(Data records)
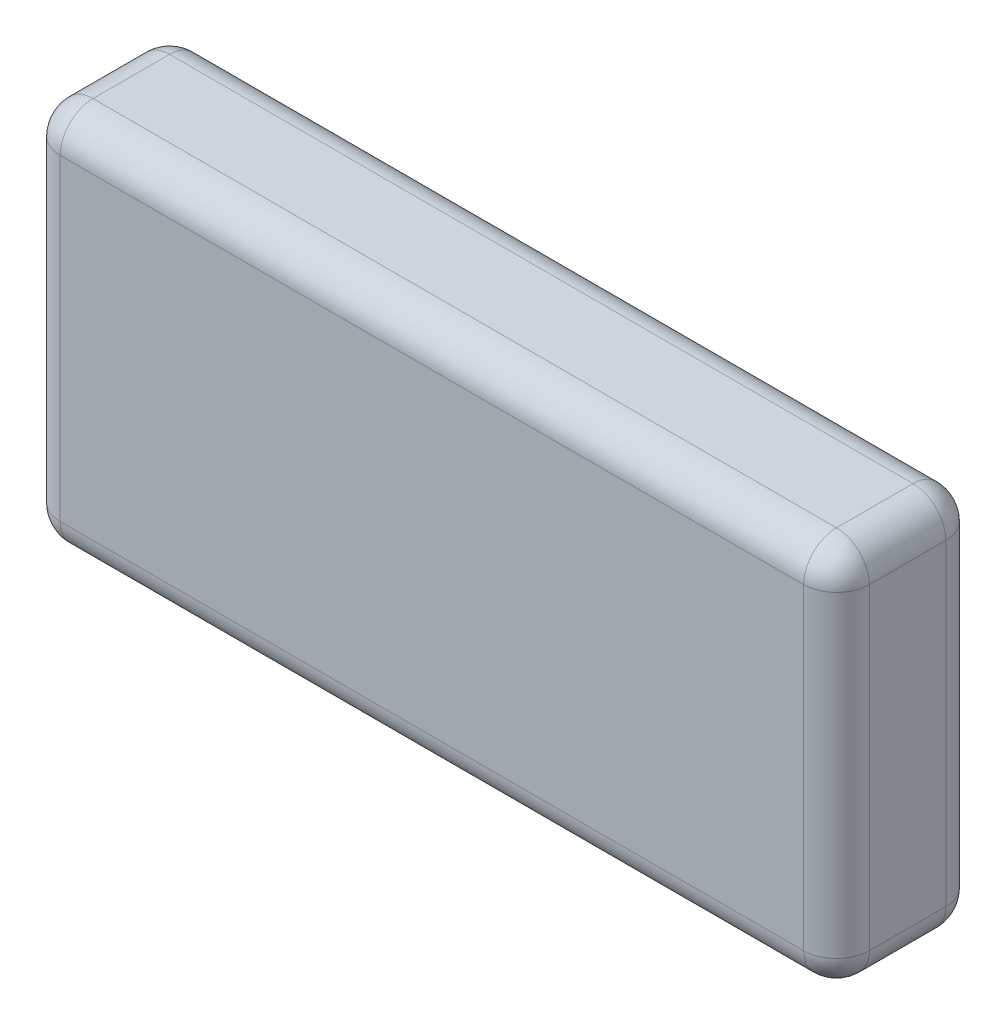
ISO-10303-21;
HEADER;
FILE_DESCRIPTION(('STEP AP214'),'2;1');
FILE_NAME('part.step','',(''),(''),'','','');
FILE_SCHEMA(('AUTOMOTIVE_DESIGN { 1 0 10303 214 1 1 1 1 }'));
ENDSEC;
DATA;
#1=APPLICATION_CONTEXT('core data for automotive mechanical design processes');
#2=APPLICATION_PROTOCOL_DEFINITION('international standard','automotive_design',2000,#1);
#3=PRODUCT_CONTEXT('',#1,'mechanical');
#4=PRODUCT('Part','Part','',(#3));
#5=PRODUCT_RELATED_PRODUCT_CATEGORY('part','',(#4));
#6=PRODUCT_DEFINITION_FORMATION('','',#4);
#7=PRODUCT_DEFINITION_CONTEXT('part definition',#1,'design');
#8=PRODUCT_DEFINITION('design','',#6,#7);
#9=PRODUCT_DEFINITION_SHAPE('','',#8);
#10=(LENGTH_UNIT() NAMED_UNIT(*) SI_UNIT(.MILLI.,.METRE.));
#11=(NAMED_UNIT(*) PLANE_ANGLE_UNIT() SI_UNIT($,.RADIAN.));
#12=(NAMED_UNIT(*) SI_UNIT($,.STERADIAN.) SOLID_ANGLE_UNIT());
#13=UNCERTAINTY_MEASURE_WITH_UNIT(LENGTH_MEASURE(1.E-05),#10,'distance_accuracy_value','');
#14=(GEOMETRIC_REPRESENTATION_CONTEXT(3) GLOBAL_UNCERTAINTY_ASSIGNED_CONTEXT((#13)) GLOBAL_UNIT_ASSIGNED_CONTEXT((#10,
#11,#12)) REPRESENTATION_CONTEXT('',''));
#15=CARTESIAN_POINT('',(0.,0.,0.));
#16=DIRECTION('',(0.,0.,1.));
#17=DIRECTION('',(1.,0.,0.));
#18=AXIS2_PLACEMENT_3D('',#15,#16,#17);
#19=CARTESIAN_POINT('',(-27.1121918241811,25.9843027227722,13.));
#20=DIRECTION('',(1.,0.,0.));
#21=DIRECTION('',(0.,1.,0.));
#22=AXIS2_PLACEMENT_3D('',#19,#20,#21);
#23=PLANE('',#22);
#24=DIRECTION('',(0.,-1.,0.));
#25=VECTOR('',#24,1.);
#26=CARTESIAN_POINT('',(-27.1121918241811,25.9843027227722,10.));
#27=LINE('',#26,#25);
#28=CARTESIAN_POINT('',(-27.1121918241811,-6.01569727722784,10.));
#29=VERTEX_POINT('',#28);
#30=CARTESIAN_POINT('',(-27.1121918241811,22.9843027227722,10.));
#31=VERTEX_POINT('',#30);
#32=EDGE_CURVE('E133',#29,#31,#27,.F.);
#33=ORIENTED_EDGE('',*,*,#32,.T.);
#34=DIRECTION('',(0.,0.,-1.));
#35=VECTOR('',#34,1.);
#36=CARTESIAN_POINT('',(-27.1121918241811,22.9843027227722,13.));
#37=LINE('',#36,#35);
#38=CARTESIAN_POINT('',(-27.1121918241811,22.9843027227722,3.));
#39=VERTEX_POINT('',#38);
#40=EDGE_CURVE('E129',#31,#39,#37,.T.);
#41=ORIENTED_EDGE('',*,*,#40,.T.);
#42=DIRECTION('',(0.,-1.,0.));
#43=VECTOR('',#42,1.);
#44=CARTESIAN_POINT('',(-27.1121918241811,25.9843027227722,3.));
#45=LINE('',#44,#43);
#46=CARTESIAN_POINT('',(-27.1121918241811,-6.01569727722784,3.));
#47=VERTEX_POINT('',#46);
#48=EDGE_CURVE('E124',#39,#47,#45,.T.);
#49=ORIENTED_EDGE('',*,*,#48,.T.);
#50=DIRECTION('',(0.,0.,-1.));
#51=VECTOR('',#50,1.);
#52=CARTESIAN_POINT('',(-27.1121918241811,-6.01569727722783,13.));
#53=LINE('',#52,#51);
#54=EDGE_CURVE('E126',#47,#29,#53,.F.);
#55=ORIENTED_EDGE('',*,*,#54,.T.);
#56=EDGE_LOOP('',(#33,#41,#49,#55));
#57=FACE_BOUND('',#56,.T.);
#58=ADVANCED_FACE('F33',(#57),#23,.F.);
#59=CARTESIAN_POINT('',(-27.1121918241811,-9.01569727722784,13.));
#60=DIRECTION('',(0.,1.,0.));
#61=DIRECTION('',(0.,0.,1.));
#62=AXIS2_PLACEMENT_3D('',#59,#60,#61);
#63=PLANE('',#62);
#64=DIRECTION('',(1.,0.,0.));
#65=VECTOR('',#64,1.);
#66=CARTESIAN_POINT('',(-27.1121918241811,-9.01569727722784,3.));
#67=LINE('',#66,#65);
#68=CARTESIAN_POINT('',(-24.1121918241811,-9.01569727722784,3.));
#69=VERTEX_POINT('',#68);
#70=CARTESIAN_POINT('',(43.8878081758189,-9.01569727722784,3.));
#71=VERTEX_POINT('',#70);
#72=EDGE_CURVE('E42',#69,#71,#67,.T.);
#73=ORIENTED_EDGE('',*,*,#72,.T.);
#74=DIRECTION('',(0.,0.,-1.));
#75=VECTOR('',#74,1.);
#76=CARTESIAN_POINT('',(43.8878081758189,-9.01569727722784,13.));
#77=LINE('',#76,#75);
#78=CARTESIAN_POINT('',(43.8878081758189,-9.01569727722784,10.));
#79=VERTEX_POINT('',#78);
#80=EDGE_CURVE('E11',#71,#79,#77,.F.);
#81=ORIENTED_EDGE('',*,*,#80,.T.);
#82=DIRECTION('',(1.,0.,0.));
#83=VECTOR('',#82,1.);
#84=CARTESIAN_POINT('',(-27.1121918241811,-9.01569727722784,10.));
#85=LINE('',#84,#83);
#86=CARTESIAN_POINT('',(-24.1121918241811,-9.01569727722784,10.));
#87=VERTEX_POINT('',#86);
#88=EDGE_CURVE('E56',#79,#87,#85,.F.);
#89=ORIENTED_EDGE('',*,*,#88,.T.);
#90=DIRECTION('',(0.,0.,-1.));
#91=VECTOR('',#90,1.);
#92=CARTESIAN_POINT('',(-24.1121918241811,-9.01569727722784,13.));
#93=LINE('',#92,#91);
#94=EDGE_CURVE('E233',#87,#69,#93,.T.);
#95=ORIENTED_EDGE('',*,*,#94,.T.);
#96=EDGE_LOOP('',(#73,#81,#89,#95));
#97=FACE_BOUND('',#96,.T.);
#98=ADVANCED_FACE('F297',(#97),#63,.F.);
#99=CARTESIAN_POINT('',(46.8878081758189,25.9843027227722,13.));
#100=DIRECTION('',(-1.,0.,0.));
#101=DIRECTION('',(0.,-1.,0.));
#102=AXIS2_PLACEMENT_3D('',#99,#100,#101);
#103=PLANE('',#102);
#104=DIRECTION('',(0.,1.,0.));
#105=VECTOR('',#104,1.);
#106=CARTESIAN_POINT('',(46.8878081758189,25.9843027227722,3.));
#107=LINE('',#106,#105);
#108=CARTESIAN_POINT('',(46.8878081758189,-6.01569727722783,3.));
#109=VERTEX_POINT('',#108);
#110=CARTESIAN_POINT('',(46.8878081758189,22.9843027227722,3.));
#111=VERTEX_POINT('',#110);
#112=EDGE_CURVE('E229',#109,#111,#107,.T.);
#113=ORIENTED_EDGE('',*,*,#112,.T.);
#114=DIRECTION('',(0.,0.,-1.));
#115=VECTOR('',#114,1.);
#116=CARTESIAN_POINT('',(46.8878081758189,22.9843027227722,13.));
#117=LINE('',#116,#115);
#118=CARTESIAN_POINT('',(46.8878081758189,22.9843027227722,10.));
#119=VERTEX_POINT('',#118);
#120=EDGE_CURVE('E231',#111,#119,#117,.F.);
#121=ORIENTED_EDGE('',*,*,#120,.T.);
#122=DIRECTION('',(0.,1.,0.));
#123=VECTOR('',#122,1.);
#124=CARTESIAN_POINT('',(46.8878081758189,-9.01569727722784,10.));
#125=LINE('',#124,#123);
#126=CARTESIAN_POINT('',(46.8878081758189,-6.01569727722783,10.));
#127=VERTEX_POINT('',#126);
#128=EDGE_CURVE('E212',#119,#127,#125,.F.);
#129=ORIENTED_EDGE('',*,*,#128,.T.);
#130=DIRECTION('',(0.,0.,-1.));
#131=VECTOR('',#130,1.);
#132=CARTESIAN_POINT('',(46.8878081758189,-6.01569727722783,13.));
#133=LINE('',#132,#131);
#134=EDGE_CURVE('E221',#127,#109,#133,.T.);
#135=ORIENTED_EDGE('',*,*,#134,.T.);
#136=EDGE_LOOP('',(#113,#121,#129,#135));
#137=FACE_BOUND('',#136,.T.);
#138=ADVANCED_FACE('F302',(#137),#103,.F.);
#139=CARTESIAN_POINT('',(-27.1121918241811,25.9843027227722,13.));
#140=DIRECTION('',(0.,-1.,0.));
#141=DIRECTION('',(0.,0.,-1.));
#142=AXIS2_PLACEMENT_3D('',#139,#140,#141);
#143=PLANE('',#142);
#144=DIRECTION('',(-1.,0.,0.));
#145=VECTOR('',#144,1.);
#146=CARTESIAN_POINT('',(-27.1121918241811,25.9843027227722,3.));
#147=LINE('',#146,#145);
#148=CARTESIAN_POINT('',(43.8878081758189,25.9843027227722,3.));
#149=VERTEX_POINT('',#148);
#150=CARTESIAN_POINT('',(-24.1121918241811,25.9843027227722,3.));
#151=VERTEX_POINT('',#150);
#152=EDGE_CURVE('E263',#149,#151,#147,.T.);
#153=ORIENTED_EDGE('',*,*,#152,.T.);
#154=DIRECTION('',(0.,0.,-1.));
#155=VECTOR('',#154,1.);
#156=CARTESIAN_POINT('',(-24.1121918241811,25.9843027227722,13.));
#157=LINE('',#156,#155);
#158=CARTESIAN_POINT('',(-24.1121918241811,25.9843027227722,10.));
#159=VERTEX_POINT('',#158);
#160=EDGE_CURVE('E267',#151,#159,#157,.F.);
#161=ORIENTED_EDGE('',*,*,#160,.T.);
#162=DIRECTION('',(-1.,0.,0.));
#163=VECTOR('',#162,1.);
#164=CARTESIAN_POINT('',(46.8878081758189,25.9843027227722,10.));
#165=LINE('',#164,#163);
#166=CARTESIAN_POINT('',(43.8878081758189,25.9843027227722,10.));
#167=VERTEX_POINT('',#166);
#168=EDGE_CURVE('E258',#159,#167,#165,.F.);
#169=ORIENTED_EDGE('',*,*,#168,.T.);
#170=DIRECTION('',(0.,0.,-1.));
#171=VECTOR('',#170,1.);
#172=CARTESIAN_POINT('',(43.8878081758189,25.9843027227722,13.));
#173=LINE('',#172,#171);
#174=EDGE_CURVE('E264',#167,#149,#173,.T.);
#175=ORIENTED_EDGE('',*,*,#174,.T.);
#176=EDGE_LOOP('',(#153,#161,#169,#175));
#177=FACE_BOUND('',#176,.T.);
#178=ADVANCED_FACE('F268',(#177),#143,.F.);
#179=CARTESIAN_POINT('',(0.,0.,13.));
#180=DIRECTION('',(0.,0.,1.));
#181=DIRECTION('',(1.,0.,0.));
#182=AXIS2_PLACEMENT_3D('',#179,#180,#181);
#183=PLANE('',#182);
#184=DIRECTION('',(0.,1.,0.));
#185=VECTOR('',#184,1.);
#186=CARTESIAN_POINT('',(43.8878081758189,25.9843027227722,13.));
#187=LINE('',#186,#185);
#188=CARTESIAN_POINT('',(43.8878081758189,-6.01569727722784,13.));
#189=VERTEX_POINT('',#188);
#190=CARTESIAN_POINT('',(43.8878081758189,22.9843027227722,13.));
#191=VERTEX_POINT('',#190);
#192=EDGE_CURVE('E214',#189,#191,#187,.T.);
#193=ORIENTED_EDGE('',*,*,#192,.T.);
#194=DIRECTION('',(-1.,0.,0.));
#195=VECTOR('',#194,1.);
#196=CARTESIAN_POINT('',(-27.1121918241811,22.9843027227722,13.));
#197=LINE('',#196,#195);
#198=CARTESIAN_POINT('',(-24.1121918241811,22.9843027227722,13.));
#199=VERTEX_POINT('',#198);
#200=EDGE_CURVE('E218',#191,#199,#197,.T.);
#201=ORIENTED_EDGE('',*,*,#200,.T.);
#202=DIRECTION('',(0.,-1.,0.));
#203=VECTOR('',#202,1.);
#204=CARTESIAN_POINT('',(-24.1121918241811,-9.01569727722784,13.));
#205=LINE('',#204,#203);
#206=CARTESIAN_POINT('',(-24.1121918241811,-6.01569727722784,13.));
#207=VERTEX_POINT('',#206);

● **TASK**: Please, from the entries above, set down exactly the lines from the one containing "#10=(LENGTH_UNIT() NAMED_UNIT(*) SI_UNIT(.MILLI.,.METRE.));" through the one containing "#25=VECTOR('',#24,1.);", and only those.

● **REPLY**:
#10=(LENGTH_UNIT() NAMED_UNIT(*) SI_UNIT(.MILLI.,.METRE.));
#11=(NAMED_UNIT(*) PLANE_ANGLE_UNIT() SI_UNIT($,.RADIAN.));
#12=(NAMED_UNIT(*) SI_UNIT($,.STERADIAN.) SOLID_ANGLE_UNIT());
#13=UNCERTAINTY_MEASURE_WITH_UNIT(LENGTH_MEASURE(1.E-05),#10,'distance_accuracy_value','');
#14=(GEOMETRIC_REPRESENTATION_CONTEXT(3) GLOBAL_UNCERTAINTY_ASSIGNED_CONTEXT((#13)) GLOBAL_UNIT_ASSIGNED_CONTEXT((#10,
#11,#12)) REPRESENTATION_CONTEXT('',''));
#15=CARTESIAN_POINT('',(0.,0.,0.));
#16=DIRECTION('',(0.,0.,1.));
#17=DIRECTION('',(1.,0.,0.));
#18=AXIS2_PLACEMENT_3D('',#15,#16,#17);
#19=CARTESIAN_POINT('',(-27.1121918241811,25.9843027227722,13.));
#20=DIRECTION('',(1.,0.,0.));
#21=DIRECTION('',(0.,1.,0.));
#22=AXIS2_PLACEMENT_3D('',#19,#20,#21);
#23=PLANE('',#22);
#24=DIRECTION('',(0.,-1.,0.));
#25=VECTOR('',#24,1.);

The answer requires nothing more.